■ **REQUIREMENT**
In the data below, find each line that contains the word "dimblk" and copy it.

■ **RECORDS FOR THE TASK**
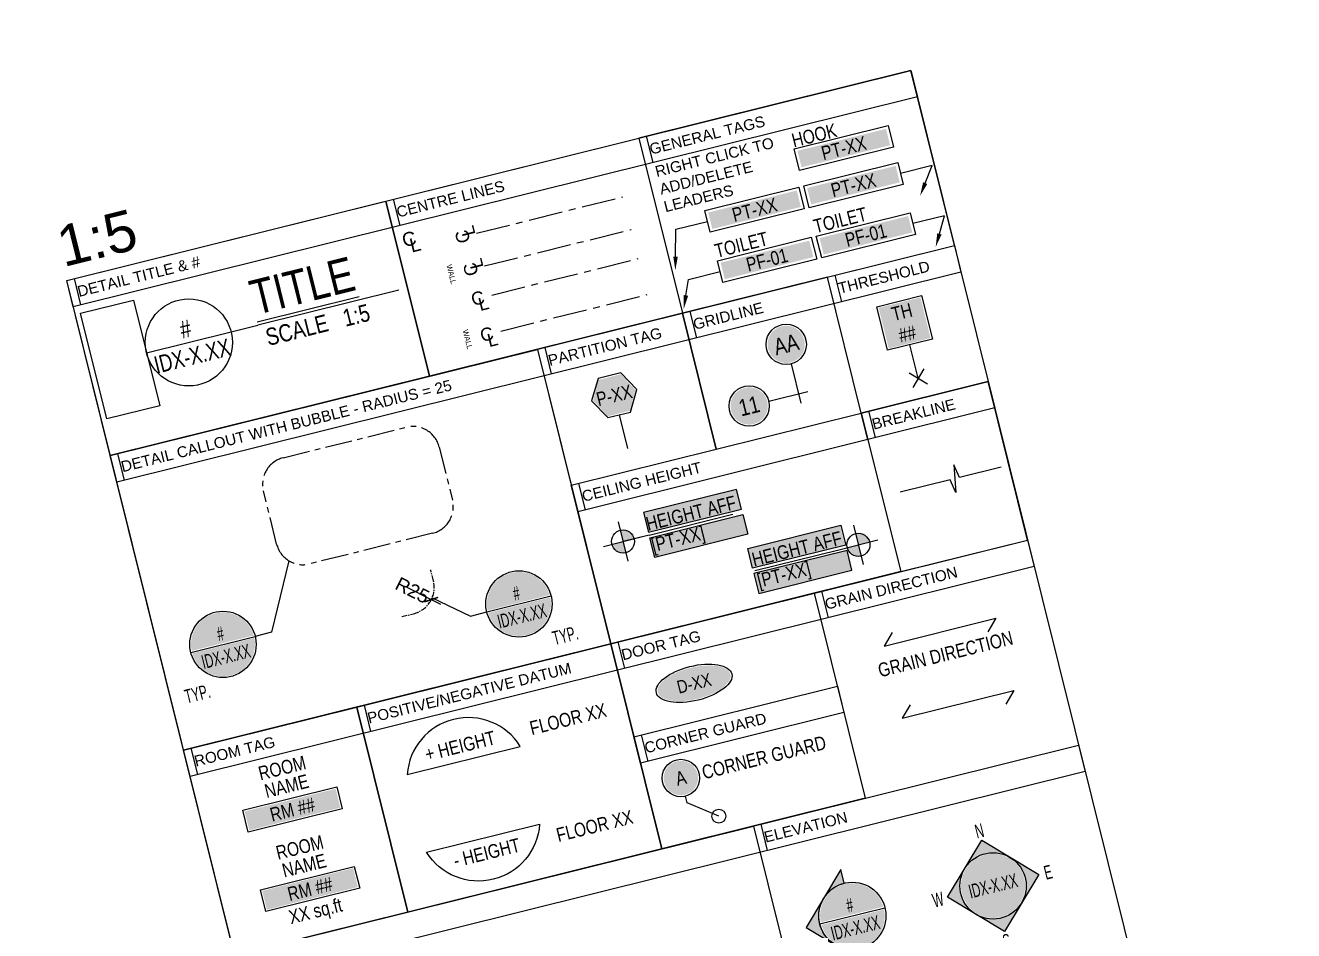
# Model space of a CAD drawing. Header units: inches. Extents: x 122939 to 389145, y 29603 to 574065.
# Drawn here: x 169251 to 170416, y 536057 to 536888 of the extents above; entities that cross this region are included whole.
import ezdxf
from ezdxf import colors
from ezdxf.entities.mleader import LeaderData, LeaderLine
from ezdxf.enums import TextEntityAlignment as Align
from ezdxf.math import Vec2, Vec3

# ---------------------------------------------------------------- set-up
doc = ezdxf.new("R2010")
doc.units = ezdxf.units.IN
doc.header["$MEASUREMENT"] = 0
doc.linetypes.add('CENTER', pattern=[2, 1.25, -0.25, 0.25, -0.25])
for name, color, linetype in [('DA-ANNO-CENTER', 1, 'CENTER'), ('DA-ANNO-DIMENSION', 1, 'Continuous'), ('DA-ANNO-GRIDTAG', 2, 'Continuous'), ('DA-ANNO-ROOMTAG', 2, 'Continuous'), ('DA-ANNOTATION', 2, 'Continuous'), ('DA-BP-HATCH', 8, 'Continuous'), ('DA-TITLEBLOCK', 3, 'Continuous')]:
    doc.layers.add(name, color=color, linetype=linetype)
doc.styles.add('ARIAL', font='arial.ttf')
doc.styles.add('DA', font='arial.ttf')
doc.styles.add('DA-dim', font='arial.ttf')
doc.styles.add('DA-NOTE', font='arial.ttf', dxfattribs={"height": 1})
doc.styles.add('DA-NOTE_0.60', font='arial.ttf', dxfattribs={"width": 0.6})
doc.styles.add('DA-NOTE_0.80', font='arial.ttf', dxfattribs={"width": 0.8, "height": 1})
doc.styles.get("Standard").update_dxf_attribs({"font": 'arial.ttf'})
doc.dimstyles.new('DA-5', dxfattribs={"dimtxt": 12.5, "dimasz": 9.375, "dimexe": 6.25, "dimexo": 18.75, "dimgap": 3.125, "dimtad": 1, "dimtoh": 1, "dimdec": 0, "dimdsep": 46, "dimtxsty": 'DA-dim', "dimblk": 'ARCHTICK', "dimcen": 12.5, "dimdle": 6.25, "dimadec": 0, "dimazin": 0, "dimtfac": 1, "dimtdec": 0, "dimtix": 1, "dimtmove": 2, "dimatfit": 3, "dimfxl": 1, "dimarcsym": 0})
doc.dimstyles.new('DA-DIM 1_1', dxfattribs={"dimtxt": 0.09375, "dimasz": 0.070312, "dimexe": 0.09375, "dimexo": 0.09375, "dimgap": 0.046875, "dimtad": 1, "dimdec": 3, "dimzin": 3, "dimdsep": 46, "dimlunit": 4, "dimtxsty": 'ARIAL', "dimblk": 'ARCHTICK', "dimcen": 4, "dimdle": 0.09375, "dimclrd": 256, "dimclre": 256, "dimclrt": 256, "dimadec": 0, "dimazin": 0, "dimtfac": 1, "dimtdec": 3, "dimtix": 1, "dimtmove": 2, "dimatfit": 3, "dimfxl": 1, "dimfrac": 2, "dimtolj": 1, "dimtzin": 0, "dimlwd": -1, "dimlwe": -1, "dimarcsym": 0})

# ---------------------------------------------------------------- blocks, each defined once
blk = doc.blocks.new('*U457')
at = {"transparency": 33554687}
h = blk.add_hatch(color=254, dxfattribs=at)
h.dxf.hatch_style = 1
h.paths.add_polyline_path([(-0.0841, 0.1357), (-0.1583, 0), (-0.0841, -0.1357), (0.0841, -0.1357), (0.1583, 0), (0.0841, 0.1357)])
blk.add_line((0, -0.1458), (0, -0.3958))
blk.add_lwpolyline([(-0.0842, 0.1458), (-0.1684, 0), (-0.0842, -0.1458), (0.0842, -0.1458), (0.1684, 0), (0.0842, 0.1458)], close=True)
at = {"style": 'DA-NOTE_0.80', "width": 0.8, "flags": 8}
blk.add_attdef('PARTITIONTYPE', text='', height=0.1, dxfattribs=at).set_placement((0, 0), align=Align.MIDDLE_CENTER)
blk = doc.blocks.new('*U454')
for p, q in [((-0.0347, 0), (-0.4079, 0)), ((0.3463, 0), (0.0347, 0))]:
    blk.add_line(p, q)
blk.add_lwpolyline([(0.0347, 0), (0.0174, 0.0985), (-0.0174, -0.0985), (-0.0347, 0)])
blk = doc.blocks.new('*U455')
at = {"transparency": 33554687}
h = blk.add_hatch(color=254, dxfattribs=at)
h.dxf.hatch_style = 1
h.paths.add_polyline_path([(-0.1557, 0.1515), (0.1557, 0.1515), (0.1557, -0.1515), (-0.1557, -0.1515)])
for p, q in [((0, -0.4121), (0, -0.1625)), ((-0.0552, -0.3568), (0.0552, -0.4673)), ((0.0552, -0.3568), (-0.0552, -0.4673))]:
    blk.add_line(p, q)
blk.add_lwpolyline([(-0.1667, 0.1625), (0.1667, 0.1625), (0.1667, -0.1625), (-0.1667, -0.1625)], close=True)
at = {"layer": 'DA-ANNOTATION', "style": 'DA-NOTE_0.80', "width": 0.8}
for tag, p in [('THRESHOLD', (0, 0.0813)), ('THRESHOLD#', (0, -0.0813))]:
    blk.add_attdef(tag, text='', height=0.1, dxfattribs=at).set_placement(p, align=Align.MIDDLE_CENTER)
blk = doc.blocks.new('*U456')
at = {"transparency": 33554687}
h = blk.add_hatch(color=254, dxfattribs=at)
h.dxf.hatch_style = 1
h.paths.add_polyline_path([(0.6811, 0.02), (-0.0127, 0.02), (-0.0127, 0.1676), (0.6811, 0.1676)])
h = blk.add_hatch(color=256)
h.dxf.hatch_style = 1
edge = h.paths.add_edge_path()
edge.add_line((0.7708, 0), (0.8542, 0))
edge.add_arc((0.7708, 0), 0.0833, 0, 90)
edge.add_line((0.7708, 0.0833), (0.7708, 0))
edge = h.paths.add_edge_path()
edge.add_line((0.7708, -0.0833), (0.7708, 0))
edge.add_line((0.7708, 0), (0.6875, 0))
edge.add_arc((0.7708, 0), 0.0833, 180, 270)
h = blk.add_hatch(color=254, dxfattribs=at)
h.dxf.hatch_style = 1
h.paths.add_polyline_path([(0.6811, -0.02), (-0.0127, -0.02), (-0.0127, -0.1676), (0.6811, -0.1676)])
for p, q in [((0.7708, 0.1458), (0.7708, -0.1458)), ((0, 0), (0.625, 0)), ((0.625, 0), (0.9167, 0)), ((0.625, 0), (0.7708, 0))]:
    blk.add_line(p, q)
blk.add_circle((0.7708, 0), 0.0833)
at = {"layer": 'Defpoints'}
for points in [[(0.6811, 0.02), (-0.0127, 0.02), (-0.0127, 0.1676), (0.6811, 0.1676)], [(0.6811, -0.02), (-0.0127, -0.02), (-0.0127, -0.1676), (0.6811, -0.1676)]]:
    blk.add_lwpolyline(points, close=True, dxfattribs=at)
at = {"style": 'DA-NOTE_0.80', "width": 0.8}
blk.add_attdef('CEILINGHEIGHT', text='', height=0.1, dxfattribs=at).set_placement((0, 0), align=Align.BOTTOM_LEFT)
blk.add_attdef('CEILINGFINISH', text='', height=0.1, dxfattribs=at).set_placement((0, -0.0275), align=Align.TOP_LEFT)
blk = doc.blocks.new('*U458')
at = {"transparency": 33554687}
h = blk.add_hatch(color=254, dxfattribs=at)
h.dxf.hatch_style = 1
h.paths.add_polyline_path([(0, 0.02), (0.6938, 0.02), (0.6938, 0.1676), (0, 0.1676)])
h = blk.add_hatch(color=256)
h.dxf.hatch_style = 1
edge = h.paths.add_edge_path()
edge.add_line((-0.1944, 0), (-0.1111, 0))
edge.add_arc((-0.1944, 0), 0.0833, 0, 90)
edge.add_line((-0.1944, 0.0833), (-0.1944, 0))
edge = h.paths.add_edge_path()
edge.add_line((-0.1944, -0.0833), (-0.1944, 0))
edge.add_line((-0.1944, 0), (-0.2778, 0))
edge.add_arc((-0.1944, 0), 0.0833, 180, 270)
h = blk.add_hatch(color=254, dxfattribs=at)
h.dxf.hatch_style = 1
h.paths.add_polyline_path([(0, -0.02), (0.6938, -0.02), (0.6938, -0.1676), (0, -0.1676)])
for p, q in [((-0.1944, 0.1458), (-0.1944, -0.1458)), ((-0.3403, 0), (-0.0486, 0)), ((-0.1014, 0), (-0.1944, 0)), ((0, 0), (-0.1014, 0)), ((0, 0), (0.625, 0))]:
    blk.add_line(p, q)
blk.add_circle((-0.1944, 0), 0.0833)
at = {"layer": 'Defpoints'}
for points in [[(0, 0.02), (0.6938, 0.02), (0.6938, 0.1676), (0, 0.1676)], [(0, -0.02), (0.6938, -0.02), (0.6938, -0.1676), (0, -0.1676)]]:
    blk.add_lwpolyline(points, close=True, dxfattribs=at)
at = {"style": 'DA-NOTE_0.80', "width": 0.8}
blk.add_attdef('CEILINGHEIGHT', text='', height=0.1, dxfattribs=at).set_placement((0, 0), align=Align.BOTTOM_LEFT)
blk.add_attdef('CEILINGFINISH', text='', height=0.1, dxfattribs=at).set_placement((0, -0.0275), align=Align.TOP_LEFT)
blk = doc.blocks.new('DA - Datum Line_NEW')
blk.add_lwpolyline([(0.4213, 0, 0.727273), (-0.4213, 0)], format="xyb", close=True)
at = {"style": 'DA-NOTE_0.80', "width": 0.8}
blk.add_attdef('HEIGHT', text='', height=0.1, dxfattribs=at).set_placement((0, 0.1085), align=Align.MIDDLE_CENTER)
blk.add_attdef('FLOOR', text='', height=0.1, dxfattribs=at).set_placement((0.5213, 0.1085), align=Align.MIDDLE_LEFT)
blk = doc.blocks.new('*U459')
blk.add_lwpolyline([(0.4213, 0, -0.727273), (-0.4213, 0)], format="xyb", close=True)
at = {"style": 'DA-NOTE_0.80', "width": 0.8}
blk.add_attdef('HEIGHT', text='', height=0.1, dxfattribs=at).set_placement((0, -0.1085), align=Align.MIDDLE_CENTER)
blk.add_attdef('FLOOR', text='', height=0.1, dxfattribs=at).set_placement((0.5213, -0.1086), align=Align.MIDDLE_LEFT)
blk = doc.blocks.new('DA - Door Tag_NEW')
h = blk.add_hatch(color=254)
h.dxf.hatch_style = 1
edge = h.paths.add_edge_path()
edge.add_ellipse((0, 0), major_axis=(-0.2712, 0), ratio=0.423963, start_angle=0, end_angle=360)
blk.add_ellipse((0, 0), major_axis=(-0.2812, 0), ratio=0.444444)
at = {"layer": 'DA-ANNOTATION', "style": 'DA-NOTE_0.80', "width": 0.8, "flags": 8}
blk.add_attdef('DOORTAG', text='', height=0.1, dxfattribs=at).set_placement((0, 0), align=Align.MIDDLE_CENTER)
blk = doc.blocks.new('*U480')
blk.add_lwpolyline([(-0.335, 0.0816), (-0.4167, 0), (0.4167, 0), (0.3354, -0.0813)])
at = {"style": 'DA-NOTE_0.80', "width": 0.8}
blk.add_attdef('GRAINDIRECTION', text='', height=0.1, dxfattribs=at).set_placement((0, -0.1625), align=Align.MIDDLE_CENTER)
blk = doc.blocks.new('*U453')
blk.add_lwpolyline([(-0.3354, 0.0813), (-0.4167, 0), (0.4167, 0), (0.3354, -0.0813)])
at = {"style": 'DA-NOTE_0.80', "width": 0.8}
blk.add_attdef('GRAINDIRECTION', text='', height=0.1, dxfattribs=at).set_placement((0, -0.1625), align=Align.MIDDLE_CENTER)
blk = doc.blocks.new('_ARCHTICK')
at = {"color": 0, "linetype": 'ByBlock', "const_width": 0.15}
blk.add_lwpolyline([(-0.5, -0.5), (0.5, 0.5)], dxfattribs=at)
blk = doc.blocks.new('*U461')
at = {"transparency": 33554687}
h = blk.add_hatch(color=254, dxfattribs=at)
h.dxf.hatch_style = 1
edge = h.paths.add_edge_path()
edge.add_arc((0, 0), 0.1348, 0, 360)
blk.add_line((0, -0.1458), (0, -0.4375))
at = {"color": 2}
blk.add_circle((0, 0), 0.1458, dxfattribs=at)
at = {"style": 'DA-NOTE_0.80', "width": 0.8, "flags": 8}
blk.add_attdef('GRID', text='', height=0.12, dxfattribs=at).set_placement((0, 0), align=Align.MIDDLE_CENTER)
blk = doc.blocks.new('*U462')
at = {"transparency": 33554687}
h = blk.add_hatch(color=254, dxfattribs=at)
h.dxf.hatch_style = 1
edge = h.paths.add_edge_path()
edge.add_arc((0, 0), 0.1348, 0, 360)
blk.add_line((0.1458, 0), (0.4375, 0))
at = {"color": 2}
blk.add_circle((0, 0), 0.1458, dxfattribs=at)
at = {"style": 'DA-NOTE_0.80', "width": 0.8, "flags": 8}
blk.add_attdef('GRID', text='', height=0.12, dxfattribs=at).set_placement((0, 0), align=Align.MIDDLE_CENTER)
blk = doc.blocks.new('DA - Room Tag_NEW')
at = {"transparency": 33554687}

■ **ANSWER SECTION**
doc.dimstyles.new('DA-5', dxfattribs={"dimtxt": 12.5, "dimasz": 9.375, "dimexe": 6.25, "dimexo": 18.75, "dimgap": 3.125, "dimtad": 1, "dimtoh": 1, "dimdec": 0, "dimdsep": 46, "dimtxsty": 'DA-dim', "dimblk": 'ARCHTICK', "dimcen": 12.5, "dimdle": 6.25, "dimadec": 0, "dimazin": 0, "dimtfac": 1, "dimtdec": 0, "dimtix": 1, "dimtmove": 2, "dimatfit": 3, "dimfxl": 1, "dimarcsym": 0})
doc.dimstyles.new('DA-DIM 1_1', dxfattribs={"dimtxt": 0.09375, "dimasz": 0.070312, "dimexe": 0.09375, "dimexo": 0.09375, "dimgap": 0.046875, "dimtad": 1, "dimdec": 3, "dimzin": 3, "dimdsep": 46, "dimlunit": 4, "dimtxsty": 'ARIAL', "dimblk": 'ARCHTICK', "dimcen": 4, "dimdle": 0.09375, "dimclrd": 256, "dimclre": 256, "dimclrt": 256, "dimadec": 0, "dimazin": 0, "dimtfac": 1, "dimtdec": 3, "dimtix": 1, "dimtmove": 2, "dimatfit": 3, "dimfxl": 1, "dimfrac": 2, "dimtolj": 1, "dimtzin": 0, "dimlwd": -1, "dimlwe": -1, "dimarcsym": 0})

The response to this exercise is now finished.